The investigators are presenting their findings at the 2015 BMT Tandem Meetings in San Diego. The presentation, “Socioeconomic Status Influences Long-Term Outcomes in 1-Year Survivors after Allogeneic Hematopoietic Cell Transplantation,” provides an overview of the methodology and outcomes of the research.
Low socioeconomic status (SES) has been shown to be associated with healthcare disparities, including poor access and adverse outcomes, in patients with a variety of medical conditions. Allogeneic hematopoietic cell transplantation (allo HCT) recipients are already at risk for long-term mortality from late complications.
“Although early post-transplant care is typically well-coordinated through the patient’s transplant center, as patients transition back to their community providers, we believed it was possible that those with fewer resources and poor access to health care would be at higher risk for complications and mortality,” says Cleveland Clinic Fellow Shuang Fu, MD, who will be presenting the study results at the conference. “Therefore, we hypothesized that socioeconomic status would be associated with survival and non-relapse mortality in long-term survivors after allo HCT.”

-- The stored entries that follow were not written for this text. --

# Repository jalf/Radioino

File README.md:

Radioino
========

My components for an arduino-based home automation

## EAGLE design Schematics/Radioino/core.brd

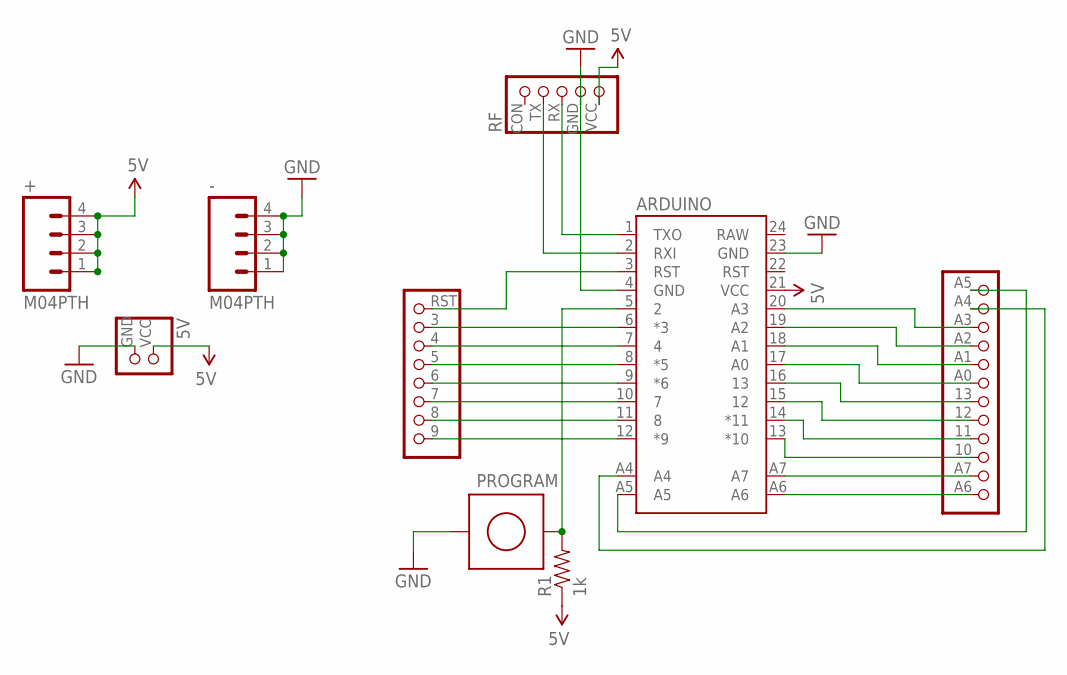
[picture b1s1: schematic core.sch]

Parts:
5V: DCPINHD-1X2; 1X02
+: M04PTH; 1X04
-: M04PTH; 1X04
ARDUINO: ARDUINO_PRO_MINI
PROGRAM: PUSHBUTTON
R1: 1k; AXIAL-0.1
RF: RFPINHD-1X5; 1X05
U$1: RIGHTPINHD-1X12; 1X12
U$2: LEFTPINHD-1X8; 1X08

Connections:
5V: 5V.VCC (1), +.1, +.2, +.3, +.4, ARDUINO.21 (VCC), R1.P$1 (1), RF.VCC (5)
GND: 5V.GND (2), -.1, -.2, -.3, -.4, ARDUINO.4 (GND), ARDUINO.23 (GND), PROGRAM.P$1, RF.GND (4)
unnamed: ARDUINO.A7, U$1.A7 (2)
unnamed: ARDUINO.A6, U$1.A6 (1)
unnamed: ARDUINO.13 (*10), U$1.10 (3)
unnamed: ARDUINO.14 (*11), U$1.11 (4)
unnamed: ARDUINO.15 (12), U$1.12 (5)
unnamed: ARDUINO.16 (13), U$1.13 (6)
unnamed: ARDUINO.17 (A0), U$1.A0 (7)
unnamed: ARDUINO.18 (A1), U$1.A1 (8)
unnamed: ARDUINO.19 (A2), U$1.A2 (9)
unnamed: ARDUINO.20 (A3), U$1.A3 (10)
unnamed: ARDUINO.A5, U$1.A5 (A7)
unnamed: ARDUINO.A4, U$1.A4 (11)
unnamed: ARDUINO.1 (TXO), RF.RX (3)
unnamed: ARDUINO.2 (RXI), RF.TX (2)
unnamed: ARDUINO.12 (*9), U$2.9 (1)
unnamed: ARDUINO.11 (8), U$2.8 (2)
unnamed: ARDUINO.10 (7), U$2.7 (3)
unnamed: ARDUINO.9 (*6), U$2.6 (4)
unnamed: ARDUINO.8 (*5), U$2.5
unnamed: ARDUINO.7 (4), U$2.4 (6)
unnamed: ARDUINO.6 (*3), U$2.3 (7)
unnamed: ARDUINO.3 (RST), U$2.RST (8)
unnamed: ARDUINO.5 (2), PROGRAM.P$2, R1.P$2 (2)

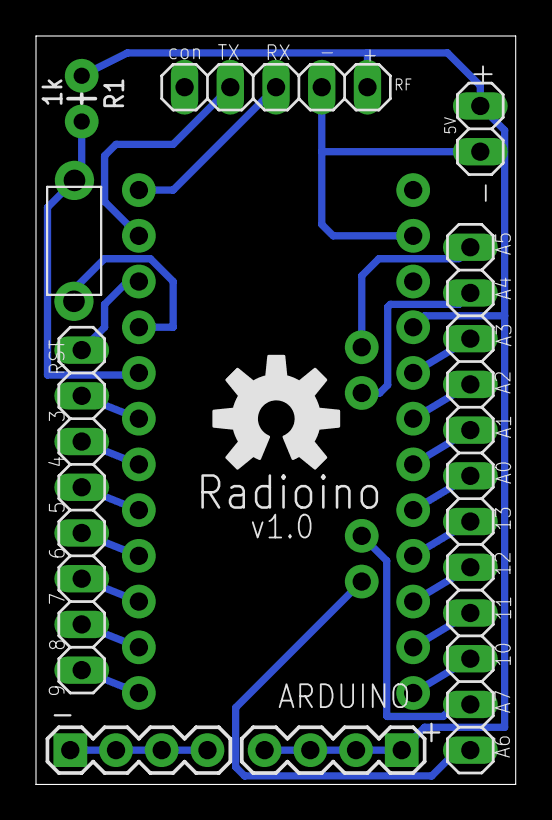
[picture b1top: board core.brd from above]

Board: 2 copper layers, 26.6 x 41.6 mm, 10 parts (0 on the bottom side), 25 nets.

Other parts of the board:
U$3: OSHW-LOGO-L

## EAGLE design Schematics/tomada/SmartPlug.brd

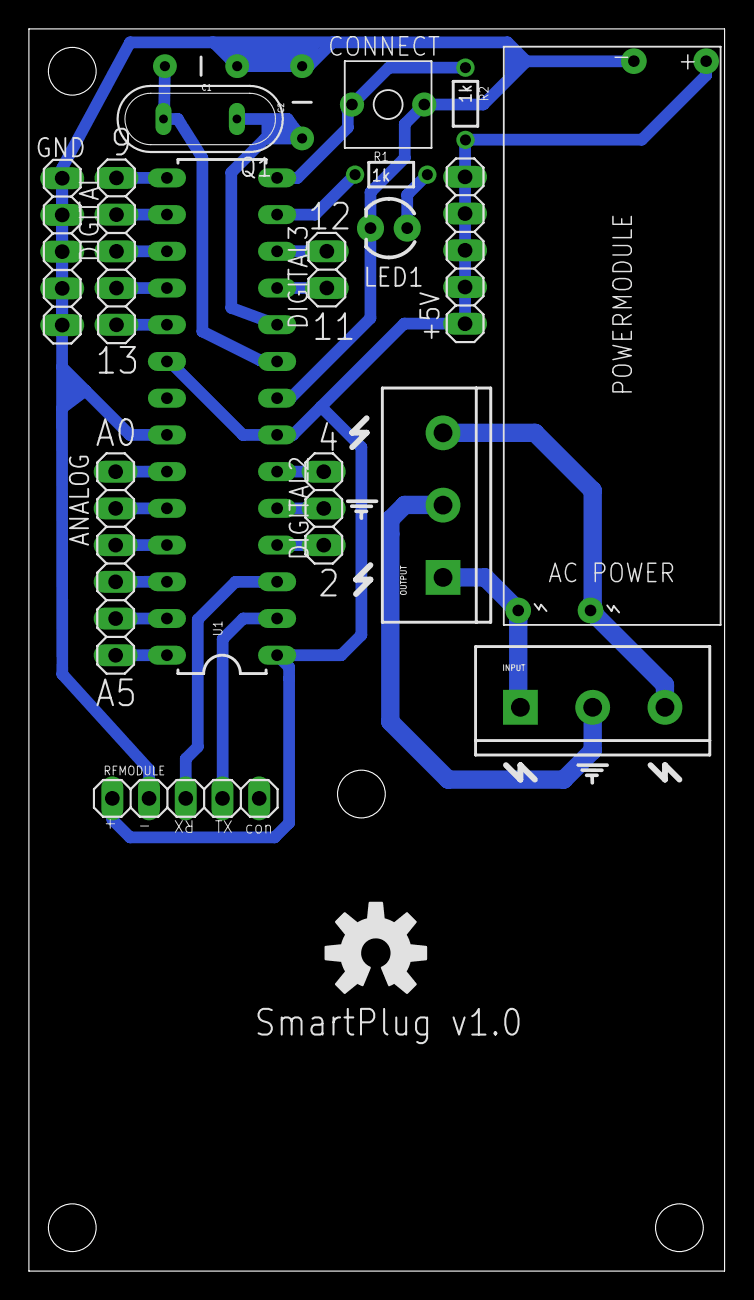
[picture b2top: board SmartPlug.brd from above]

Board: 2 copper layers, 48.1 x 85.9 mm, 23 parts (0 on the bottom side), 28 nets.

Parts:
+5V: 1X05
ANALOG: 1X06
C1, C2: 22pf; CAP-PTH-5MM
CONNECT: PUSHBUTTON6MM
DIGITAL: 1X05
DIGITAL2: 1X03
DIGITAL3: 1X02
GND: 1X05
INPUT: SCREWTERMINAL-5MM-3
LED1: LED3MM
OUTPUT: SCREWTERMINAL-5MM-3
POWERMODULE: POWER_MODULE
Q1: 16mhz; QS
R1, R2: 1k; 1/6W-RES
RFMODULE: RFPINHD-1X5; 1X05
U1: ATMEGA328P_PDIP; DIL28-3
U$1: OSHW-LOGO-L
U$2, U$3, U$4, U$5: STAND-OFF

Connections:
unnamed: RFMODULE.TX, U1.2
unnamed: RFMODULE.RX, U1.3
unnamed: LED1.A, R1.2
unnamed: +5V.1, +5V.2, +5V.3, +5V.4, +5V.5, POWERMODULE.+, R2.2, RFMODULE.VCC, U1.1, U1.7, U1.20
unnamed: C1.2, Q1.2, U1.9
unnamed: C2.1, Q1.1, U1.10
unnamed: CONNECT.P$1, R2.1, U1.14
unnamed: ANALOG.1, U1.23
unnamed: ANALOG.5, U1.27
unnamed: DIGITAL3.2, U1.11
unnamed: R1.1, U1.13
unnamed: ANALOG.2, U1.24
unnamed: ANALOG.3, U1.25
unnamed: ANALOG.6, U1.28
unnamed: DIGITAL.1, U1.15
unnamed: DIGITAL.2, U1.16
unnamed: DIGITAL.3, U1.17
unnamed: DIGITAL.4, U1.18
unnamed: DIGITAL.5, U1.19
unnamed: INPUT.3, OUTPUT.3, POWERMODULE.AC2
unnamed: INPUT.2, OUTPUT.2
unnamed: INPUT.1, OUTPUT.1, POWERMODULE.AC1
unnamed: DIGITAL2.1, U1.4
unnamed: DIGITAL2.2, U1.5
unnamed: DIGITAL2.3, U1.6
unnamed: DIGITAL3.1, U1.12
unnamed: ANALOG.4, U1.26
unnamed: C1.1, C2.2, CONNECT.P$2, GND.1, GND.2, GND.3, GND.4, GND.5, LED1.K, POWERMODULE.-, RFMODULE.GND, U1.8, U1.22

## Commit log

2014-02-08 First commit. Let's start!!
2014-02-10 Minor protocol changes
2014-02-10 Net setup mode Minor refactoring
2014-02-11 Minor activity led changes
2014-02-16 Optimizations on module response minor refactoring
2014-02-16 Change the command finalizer.
2014-02-16 CRC response check
2014-02-17 Update wallsocket to the new module class Minor fixes
2014-02-25 Update radioino.cpp
    valueSize armazena em cache o tamanho de value.length(), então não precisamos recalcular o tamanho em cada iteração.
2014-02-26 New board Added the "program" button on the board
2014-03-09 adjustments for the new pushbutton in the board
2014-06-23 Fix blink Update sample to the new hardware configuration
2014-07-10 Added the custom command callback
2014-11-11 New switch module
2014-11-12 new OBS
2014-11-12 New smartplug module
2014-11-27 New WallSocket schematic
2014-12-27 Initial ESP8266 suppport
2015-01-01 inital setup functions

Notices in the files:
parts and their libraries:
SparkFun-Resistors: Licensing: CC v3.0 Share-Alike You are welcome to use this library for commercial purposes.

Researchers studied 283 consecutive allo HCT recipients transplanted between 2003 and 2012 who had survived for at least one year in remission. Median annual household income was estimated using census tract data and the ZIP code of residence at the time of transplant. SES categories were determined by recursive partitioning analysis and were categorized into low SES (< $51,000/yr., N = 203) and high SES (≥ $51,000/yr., N = 80). Low SES patients were more likely to be non-white (10 percent vs. 1 percent); otherwise there were no notable differences between the two cohorts.
In univariate analysis, low SES patients had significantly worse survival and non-relapse mortality (NRM) rates but a comparable incidence of relapse mortality. In multivariate analyses that adjusted for patient, disease and transplant characteristics, patients with low SES had significantly higher risks of all-cause mortality and NRM, but similar risks of relapse mortality compared with high SES patients.
“Our study highlights socioeconomic disparities among long-term allogeneic hematopoietic cell transplant survivors,” says Navneet Majhail, MD, Director of Cleveland Clinic’s Blood & Marrow Transplant Program and a co-author of the study. “Patients with a higher socioeconomic status have significantly better overall survival and lower non-relapse mortality compared with those from lower socioeconomic strata. Preliminary data from our study suggest that these disparities are accentuated in patients with chronic graft-versus-host disease, a transplant complication which can by itself cause substantial morbidity and needs intensive coordinated treatment and followup.”
Causes of healthcare disparities are complex, but the findings from Cleveland Clinic’s study identify a high-risk population that may be disadvantaged due to barriers to healthcare access.
“Poor survival was primarily driven by a higher risk of transplant complication-related mortality, while there was no difference in the risks for relapse-related mortality,” says Dr. Majhail. “This study lays the foundation for more research in this area. Additional studies are needed to better understand socioeconomic disparities in allogeneic transplantation and interventions to mitigate them.”